**PROVIDED RECORDS**
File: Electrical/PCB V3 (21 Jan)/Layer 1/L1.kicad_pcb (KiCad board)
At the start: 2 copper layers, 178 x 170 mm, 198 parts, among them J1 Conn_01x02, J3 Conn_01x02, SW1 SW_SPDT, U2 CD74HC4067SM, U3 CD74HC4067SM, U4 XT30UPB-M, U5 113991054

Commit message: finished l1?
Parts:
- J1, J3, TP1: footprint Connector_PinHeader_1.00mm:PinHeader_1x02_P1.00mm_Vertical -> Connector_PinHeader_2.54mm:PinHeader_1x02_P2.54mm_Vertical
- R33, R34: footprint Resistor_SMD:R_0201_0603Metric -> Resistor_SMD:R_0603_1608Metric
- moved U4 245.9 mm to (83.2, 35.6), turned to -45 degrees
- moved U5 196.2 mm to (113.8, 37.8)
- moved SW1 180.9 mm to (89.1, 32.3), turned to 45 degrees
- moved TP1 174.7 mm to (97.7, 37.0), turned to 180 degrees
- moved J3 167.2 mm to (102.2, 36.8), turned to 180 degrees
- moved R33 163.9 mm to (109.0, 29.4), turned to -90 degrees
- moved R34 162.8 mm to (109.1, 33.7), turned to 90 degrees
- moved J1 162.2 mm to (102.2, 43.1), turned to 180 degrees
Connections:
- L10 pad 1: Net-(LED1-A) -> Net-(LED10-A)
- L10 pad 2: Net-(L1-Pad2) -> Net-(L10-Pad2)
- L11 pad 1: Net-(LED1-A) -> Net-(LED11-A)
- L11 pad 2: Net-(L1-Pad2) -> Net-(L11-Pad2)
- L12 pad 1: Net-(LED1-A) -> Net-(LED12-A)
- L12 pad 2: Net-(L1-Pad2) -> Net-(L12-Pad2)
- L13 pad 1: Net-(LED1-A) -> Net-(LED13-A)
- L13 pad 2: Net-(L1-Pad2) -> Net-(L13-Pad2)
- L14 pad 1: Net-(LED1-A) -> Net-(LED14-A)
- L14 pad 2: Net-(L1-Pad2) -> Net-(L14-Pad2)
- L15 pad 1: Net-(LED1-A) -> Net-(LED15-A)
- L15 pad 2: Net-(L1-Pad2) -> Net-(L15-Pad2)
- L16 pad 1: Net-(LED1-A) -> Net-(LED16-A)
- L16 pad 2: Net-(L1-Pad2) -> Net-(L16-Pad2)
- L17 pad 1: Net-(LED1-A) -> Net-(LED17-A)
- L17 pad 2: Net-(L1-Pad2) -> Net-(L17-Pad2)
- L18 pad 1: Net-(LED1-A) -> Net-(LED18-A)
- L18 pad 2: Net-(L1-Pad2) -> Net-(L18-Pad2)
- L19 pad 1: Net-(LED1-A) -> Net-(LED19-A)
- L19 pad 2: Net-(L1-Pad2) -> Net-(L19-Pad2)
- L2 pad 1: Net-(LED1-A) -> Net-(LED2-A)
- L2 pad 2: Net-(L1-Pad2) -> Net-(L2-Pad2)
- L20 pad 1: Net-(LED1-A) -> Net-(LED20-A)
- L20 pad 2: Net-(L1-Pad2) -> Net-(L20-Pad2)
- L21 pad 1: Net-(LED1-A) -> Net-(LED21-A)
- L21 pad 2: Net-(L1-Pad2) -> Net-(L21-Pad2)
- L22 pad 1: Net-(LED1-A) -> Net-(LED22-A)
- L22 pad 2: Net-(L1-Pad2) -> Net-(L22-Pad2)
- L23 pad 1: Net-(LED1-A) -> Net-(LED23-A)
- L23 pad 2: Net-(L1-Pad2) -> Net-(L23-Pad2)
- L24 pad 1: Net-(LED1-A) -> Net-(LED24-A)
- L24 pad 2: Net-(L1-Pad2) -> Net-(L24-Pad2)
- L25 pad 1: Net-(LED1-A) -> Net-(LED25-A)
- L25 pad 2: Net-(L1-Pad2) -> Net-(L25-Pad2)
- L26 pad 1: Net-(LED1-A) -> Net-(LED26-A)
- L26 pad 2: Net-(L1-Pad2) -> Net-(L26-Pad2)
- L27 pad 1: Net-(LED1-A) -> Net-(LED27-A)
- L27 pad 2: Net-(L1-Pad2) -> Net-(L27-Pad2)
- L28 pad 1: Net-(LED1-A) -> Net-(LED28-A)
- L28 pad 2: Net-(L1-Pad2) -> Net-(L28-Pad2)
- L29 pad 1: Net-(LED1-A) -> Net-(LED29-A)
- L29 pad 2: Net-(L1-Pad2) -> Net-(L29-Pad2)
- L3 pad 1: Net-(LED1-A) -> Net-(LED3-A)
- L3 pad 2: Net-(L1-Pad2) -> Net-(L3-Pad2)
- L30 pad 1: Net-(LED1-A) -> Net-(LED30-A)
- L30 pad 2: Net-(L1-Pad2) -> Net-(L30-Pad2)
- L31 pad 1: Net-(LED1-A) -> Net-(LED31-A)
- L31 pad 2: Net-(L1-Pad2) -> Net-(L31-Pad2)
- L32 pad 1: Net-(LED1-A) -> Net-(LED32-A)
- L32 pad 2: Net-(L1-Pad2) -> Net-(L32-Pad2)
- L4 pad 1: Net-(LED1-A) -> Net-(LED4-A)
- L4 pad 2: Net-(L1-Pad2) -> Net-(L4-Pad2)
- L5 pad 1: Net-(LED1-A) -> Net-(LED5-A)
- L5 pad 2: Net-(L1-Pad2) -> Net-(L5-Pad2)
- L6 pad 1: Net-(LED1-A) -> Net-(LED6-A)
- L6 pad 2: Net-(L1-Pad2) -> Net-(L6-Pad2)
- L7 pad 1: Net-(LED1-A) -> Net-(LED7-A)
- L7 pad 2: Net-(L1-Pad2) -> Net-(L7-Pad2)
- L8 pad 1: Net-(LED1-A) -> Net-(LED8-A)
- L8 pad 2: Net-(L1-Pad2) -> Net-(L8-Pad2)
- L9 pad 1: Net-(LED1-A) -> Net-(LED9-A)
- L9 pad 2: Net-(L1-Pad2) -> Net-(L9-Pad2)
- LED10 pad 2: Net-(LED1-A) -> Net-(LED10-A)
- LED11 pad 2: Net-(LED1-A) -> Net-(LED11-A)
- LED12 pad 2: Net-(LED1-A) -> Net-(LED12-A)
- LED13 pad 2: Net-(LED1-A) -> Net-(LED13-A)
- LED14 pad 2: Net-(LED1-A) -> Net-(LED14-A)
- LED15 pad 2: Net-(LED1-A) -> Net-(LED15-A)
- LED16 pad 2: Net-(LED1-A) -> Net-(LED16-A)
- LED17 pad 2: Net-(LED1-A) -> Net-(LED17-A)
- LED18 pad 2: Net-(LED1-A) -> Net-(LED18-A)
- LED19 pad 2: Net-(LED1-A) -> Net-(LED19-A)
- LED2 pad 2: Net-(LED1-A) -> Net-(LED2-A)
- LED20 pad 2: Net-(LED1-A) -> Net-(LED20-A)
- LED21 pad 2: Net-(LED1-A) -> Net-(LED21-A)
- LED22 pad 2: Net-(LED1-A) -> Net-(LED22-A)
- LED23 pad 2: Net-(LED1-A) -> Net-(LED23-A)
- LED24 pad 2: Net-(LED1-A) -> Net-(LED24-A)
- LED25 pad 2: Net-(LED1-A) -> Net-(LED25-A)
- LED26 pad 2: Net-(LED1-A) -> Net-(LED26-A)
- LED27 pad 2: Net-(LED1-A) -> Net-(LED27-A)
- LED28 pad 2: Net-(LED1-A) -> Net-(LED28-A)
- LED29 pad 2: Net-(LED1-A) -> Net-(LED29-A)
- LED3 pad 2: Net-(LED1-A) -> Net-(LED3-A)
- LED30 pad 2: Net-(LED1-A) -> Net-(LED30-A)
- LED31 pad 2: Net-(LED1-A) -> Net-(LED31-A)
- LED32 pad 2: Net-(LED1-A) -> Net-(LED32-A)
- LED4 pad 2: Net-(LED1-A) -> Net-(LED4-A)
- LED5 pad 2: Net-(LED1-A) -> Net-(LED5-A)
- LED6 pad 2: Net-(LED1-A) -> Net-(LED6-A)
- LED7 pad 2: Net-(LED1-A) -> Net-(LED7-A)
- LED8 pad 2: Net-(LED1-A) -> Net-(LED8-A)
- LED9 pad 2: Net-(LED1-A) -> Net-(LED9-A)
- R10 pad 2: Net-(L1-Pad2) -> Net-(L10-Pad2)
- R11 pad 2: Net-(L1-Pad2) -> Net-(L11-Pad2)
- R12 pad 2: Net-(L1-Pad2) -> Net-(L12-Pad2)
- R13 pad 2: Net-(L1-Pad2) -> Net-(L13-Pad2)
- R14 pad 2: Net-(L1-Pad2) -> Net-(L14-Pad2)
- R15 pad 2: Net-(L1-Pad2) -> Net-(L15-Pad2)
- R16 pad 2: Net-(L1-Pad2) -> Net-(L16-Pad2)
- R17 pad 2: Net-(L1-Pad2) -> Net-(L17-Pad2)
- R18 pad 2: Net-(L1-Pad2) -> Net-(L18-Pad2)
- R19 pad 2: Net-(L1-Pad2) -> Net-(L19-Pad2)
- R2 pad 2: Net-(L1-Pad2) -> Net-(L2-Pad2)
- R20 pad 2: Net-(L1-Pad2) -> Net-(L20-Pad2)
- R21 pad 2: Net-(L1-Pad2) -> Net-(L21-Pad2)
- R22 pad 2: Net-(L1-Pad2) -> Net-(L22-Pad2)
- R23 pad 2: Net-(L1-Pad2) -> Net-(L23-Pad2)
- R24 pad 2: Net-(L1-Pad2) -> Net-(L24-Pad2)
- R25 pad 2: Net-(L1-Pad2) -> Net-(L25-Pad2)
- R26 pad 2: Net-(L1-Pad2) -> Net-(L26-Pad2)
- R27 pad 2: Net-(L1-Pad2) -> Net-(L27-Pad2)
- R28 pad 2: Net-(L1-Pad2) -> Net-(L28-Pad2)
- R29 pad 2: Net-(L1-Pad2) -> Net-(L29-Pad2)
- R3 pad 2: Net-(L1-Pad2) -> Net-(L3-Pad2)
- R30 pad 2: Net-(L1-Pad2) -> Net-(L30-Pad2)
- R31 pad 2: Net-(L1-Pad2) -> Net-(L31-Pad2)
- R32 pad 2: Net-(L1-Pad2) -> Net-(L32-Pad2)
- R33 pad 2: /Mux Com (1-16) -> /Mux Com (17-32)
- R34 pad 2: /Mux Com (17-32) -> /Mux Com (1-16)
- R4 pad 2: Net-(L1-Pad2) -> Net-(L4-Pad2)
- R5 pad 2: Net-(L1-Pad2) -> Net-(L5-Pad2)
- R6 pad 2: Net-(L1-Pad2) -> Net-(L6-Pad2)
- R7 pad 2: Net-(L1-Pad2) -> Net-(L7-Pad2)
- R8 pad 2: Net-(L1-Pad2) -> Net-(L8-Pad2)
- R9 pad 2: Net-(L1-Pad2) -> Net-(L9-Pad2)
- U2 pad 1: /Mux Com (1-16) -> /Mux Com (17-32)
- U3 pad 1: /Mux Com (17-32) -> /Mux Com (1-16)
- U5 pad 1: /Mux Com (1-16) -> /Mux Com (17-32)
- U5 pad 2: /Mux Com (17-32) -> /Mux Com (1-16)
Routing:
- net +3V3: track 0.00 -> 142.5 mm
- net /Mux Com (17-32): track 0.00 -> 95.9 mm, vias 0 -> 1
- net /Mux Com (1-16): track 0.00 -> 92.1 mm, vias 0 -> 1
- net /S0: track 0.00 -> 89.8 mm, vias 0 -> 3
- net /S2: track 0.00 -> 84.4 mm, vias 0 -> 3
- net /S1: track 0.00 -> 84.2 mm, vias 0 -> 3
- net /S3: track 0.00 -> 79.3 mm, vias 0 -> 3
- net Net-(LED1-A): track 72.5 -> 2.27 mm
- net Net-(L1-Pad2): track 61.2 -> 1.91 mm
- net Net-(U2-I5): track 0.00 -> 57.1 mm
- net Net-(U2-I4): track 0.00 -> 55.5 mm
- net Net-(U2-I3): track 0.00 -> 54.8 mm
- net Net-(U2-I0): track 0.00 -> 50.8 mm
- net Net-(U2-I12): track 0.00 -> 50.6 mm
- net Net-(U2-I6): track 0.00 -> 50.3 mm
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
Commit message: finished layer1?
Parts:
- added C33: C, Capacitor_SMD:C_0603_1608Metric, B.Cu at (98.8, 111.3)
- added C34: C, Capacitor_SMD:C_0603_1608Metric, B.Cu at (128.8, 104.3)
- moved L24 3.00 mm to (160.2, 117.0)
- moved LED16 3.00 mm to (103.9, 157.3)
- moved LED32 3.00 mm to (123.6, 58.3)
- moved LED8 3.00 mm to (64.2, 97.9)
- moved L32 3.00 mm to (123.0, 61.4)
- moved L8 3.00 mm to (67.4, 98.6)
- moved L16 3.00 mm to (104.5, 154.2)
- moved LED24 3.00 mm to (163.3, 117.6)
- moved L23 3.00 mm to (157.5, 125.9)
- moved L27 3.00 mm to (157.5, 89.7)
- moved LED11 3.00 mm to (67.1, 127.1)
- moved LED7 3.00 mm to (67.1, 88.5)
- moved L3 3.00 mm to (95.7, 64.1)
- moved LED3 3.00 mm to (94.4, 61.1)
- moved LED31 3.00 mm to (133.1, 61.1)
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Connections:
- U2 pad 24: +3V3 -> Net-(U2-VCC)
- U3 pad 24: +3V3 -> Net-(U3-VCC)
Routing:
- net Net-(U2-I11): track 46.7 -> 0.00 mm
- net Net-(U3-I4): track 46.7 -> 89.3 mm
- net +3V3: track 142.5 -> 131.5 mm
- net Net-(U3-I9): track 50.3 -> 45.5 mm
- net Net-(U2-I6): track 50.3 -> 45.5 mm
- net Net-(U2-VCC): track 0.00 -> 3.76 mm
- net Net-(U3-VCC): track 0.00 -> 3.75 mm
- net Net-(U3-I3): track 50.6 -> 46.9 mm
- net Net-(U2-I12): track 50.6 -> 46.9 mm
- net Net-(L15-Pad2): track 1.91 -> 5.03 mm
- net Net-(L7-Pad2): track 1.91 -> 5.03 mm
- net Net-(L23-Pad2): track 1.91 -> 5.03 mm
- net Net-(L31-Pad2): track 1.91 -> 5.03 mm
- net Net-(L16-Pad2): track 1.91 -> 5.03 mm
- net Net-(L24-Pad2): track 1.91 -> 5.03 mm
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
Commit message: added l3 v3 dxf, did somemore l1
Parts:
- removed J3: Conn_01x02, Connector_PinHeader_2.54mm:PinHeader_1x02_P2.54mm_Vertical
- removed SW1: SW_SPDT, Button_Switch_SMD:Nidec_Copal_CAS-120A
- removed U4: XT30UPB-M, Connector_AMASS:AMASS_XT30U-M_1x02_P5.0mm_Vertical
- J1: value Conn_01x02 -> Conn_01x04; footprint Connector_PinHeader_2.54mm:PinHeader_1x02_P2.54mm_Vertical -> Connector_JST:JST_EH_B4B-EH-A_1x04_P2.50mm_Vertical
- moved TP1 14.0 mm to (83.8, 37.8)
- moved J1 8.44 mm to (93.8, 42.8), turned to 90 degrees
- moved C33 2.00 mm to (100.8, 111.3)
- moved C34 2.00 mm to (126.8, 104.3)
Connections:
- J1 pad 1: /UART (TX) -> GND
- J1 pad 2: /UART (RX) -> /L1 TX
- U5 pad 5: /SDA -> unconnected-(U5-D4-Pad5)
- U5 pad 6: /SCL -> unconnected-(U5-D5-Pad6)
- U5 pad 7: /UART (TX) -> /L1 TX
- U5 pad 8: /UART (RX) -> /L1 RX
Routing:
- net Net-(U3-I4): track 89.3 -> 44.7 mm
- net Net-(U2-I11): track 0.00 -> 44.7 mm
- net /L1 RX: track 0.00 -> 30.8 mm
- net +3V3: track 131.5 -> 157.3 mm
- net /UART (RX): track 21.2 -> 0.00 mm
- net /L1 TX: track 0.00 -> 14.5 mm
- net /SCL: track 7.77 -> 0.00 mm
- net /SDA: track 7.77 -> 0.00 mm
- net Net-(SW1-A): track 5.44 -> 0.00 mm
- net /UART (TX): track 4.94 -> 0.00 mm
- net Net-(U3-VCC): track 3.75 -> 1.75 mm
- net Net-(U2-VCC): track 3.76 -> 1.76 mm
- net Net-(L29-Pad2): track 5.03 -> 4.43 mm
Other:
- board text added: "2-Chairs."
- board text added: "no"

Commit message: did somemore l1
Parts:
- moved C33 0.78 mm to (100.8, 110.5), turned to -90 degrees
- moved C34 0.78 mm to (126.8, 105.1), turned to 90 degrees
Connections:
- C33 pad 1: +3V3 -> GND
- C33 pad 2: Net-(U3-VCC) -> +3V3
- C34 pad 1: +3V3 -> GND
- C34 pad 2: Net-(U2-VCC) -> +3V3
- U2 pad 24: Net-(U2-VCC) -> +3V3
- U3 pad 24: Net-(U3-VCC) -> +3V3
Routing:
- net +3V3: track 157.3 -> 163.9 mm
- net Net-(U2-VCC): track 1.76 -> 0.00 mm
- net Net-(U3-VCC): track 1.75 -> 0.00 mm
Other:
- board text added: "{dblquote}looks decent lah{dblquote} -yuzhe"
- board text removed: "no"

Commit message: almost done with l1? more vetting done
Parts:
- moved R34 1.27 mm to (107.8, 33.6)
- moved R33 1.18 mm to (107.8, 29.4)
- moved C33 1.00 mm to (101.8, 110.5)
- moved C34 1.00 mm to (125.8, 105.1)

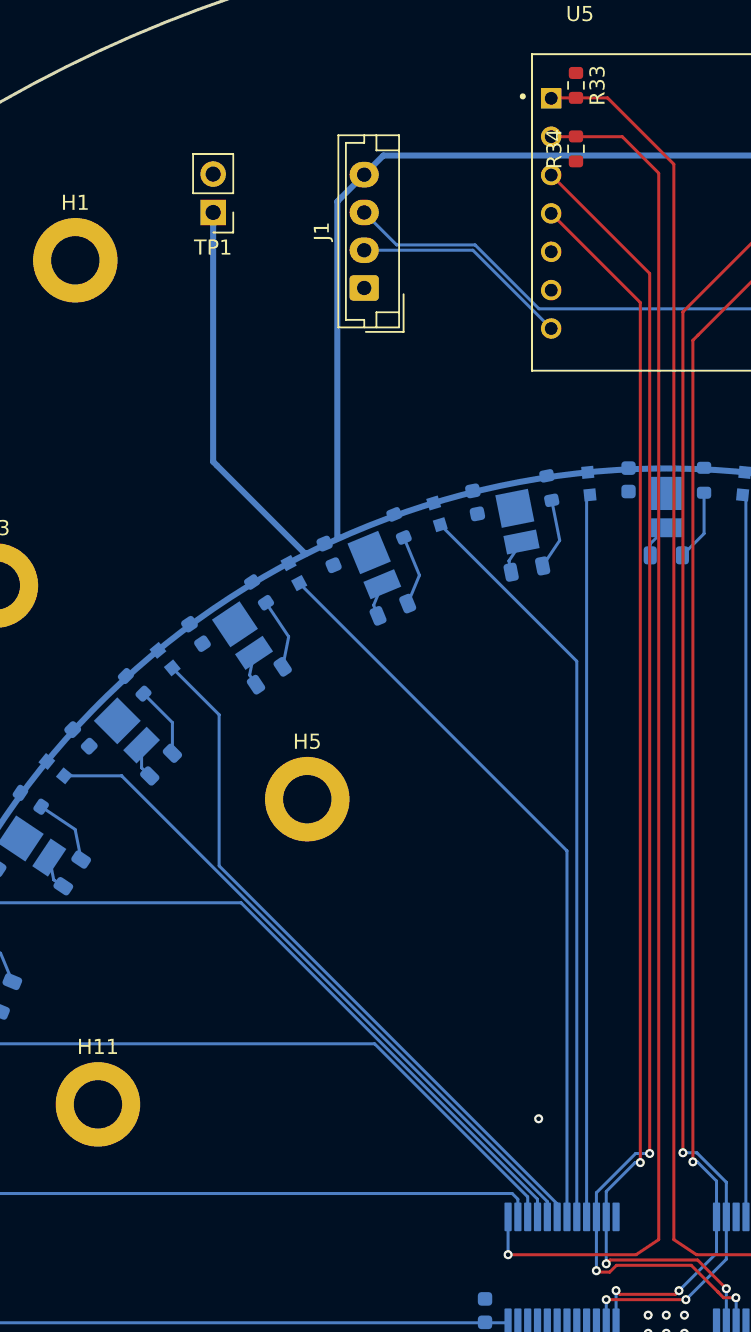
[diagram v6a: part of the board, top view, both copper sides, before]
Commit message: uploaded print files, added credits to l1
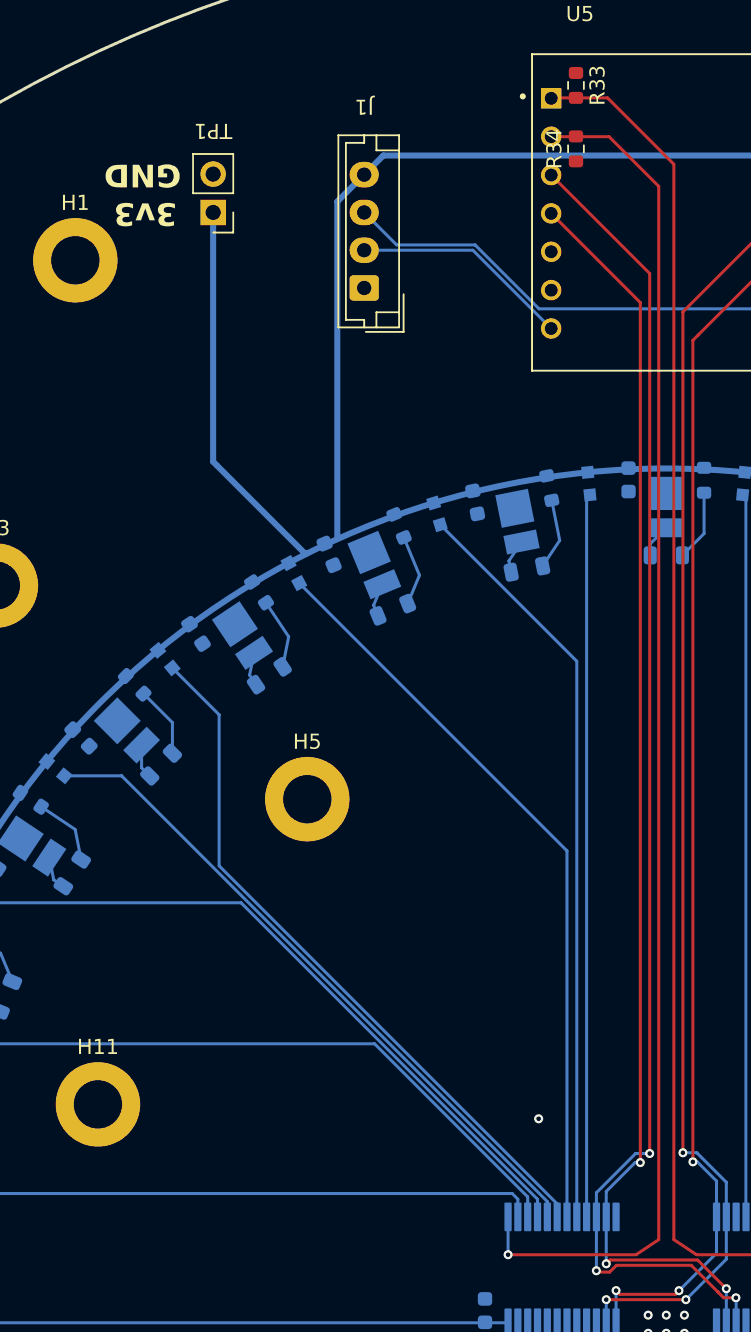
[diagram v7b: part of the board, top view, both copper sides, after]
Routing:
- net /Mux Com (1-16): track 91.5 -> 91.0 mm
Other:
- board text added: "3v3"
- board text added: "GND"
- board text added: "In the grand tapestry of our design endeavor, we owe a debt of profound gratitude to the esteemed teams of Sentinels Robotics, ducc. & Dynamo, whose brilliant schematics and designs have guided our efforts."
- board text added: "{dblquote}looks decent lah{dblquote} -yuzhe (not an elec guy)"
- board text removed: "{dblquote}looks decent lah{dblquote} -yuzhe"

**YOUR ASSIGNMENT**
The lines of the records that contain the string "somemore" should be located and copied.

**ANSWER TO THE EXERCISE**
Commit message: added l3 v3 dxf, did somemore l1
Commit message: did somemore l1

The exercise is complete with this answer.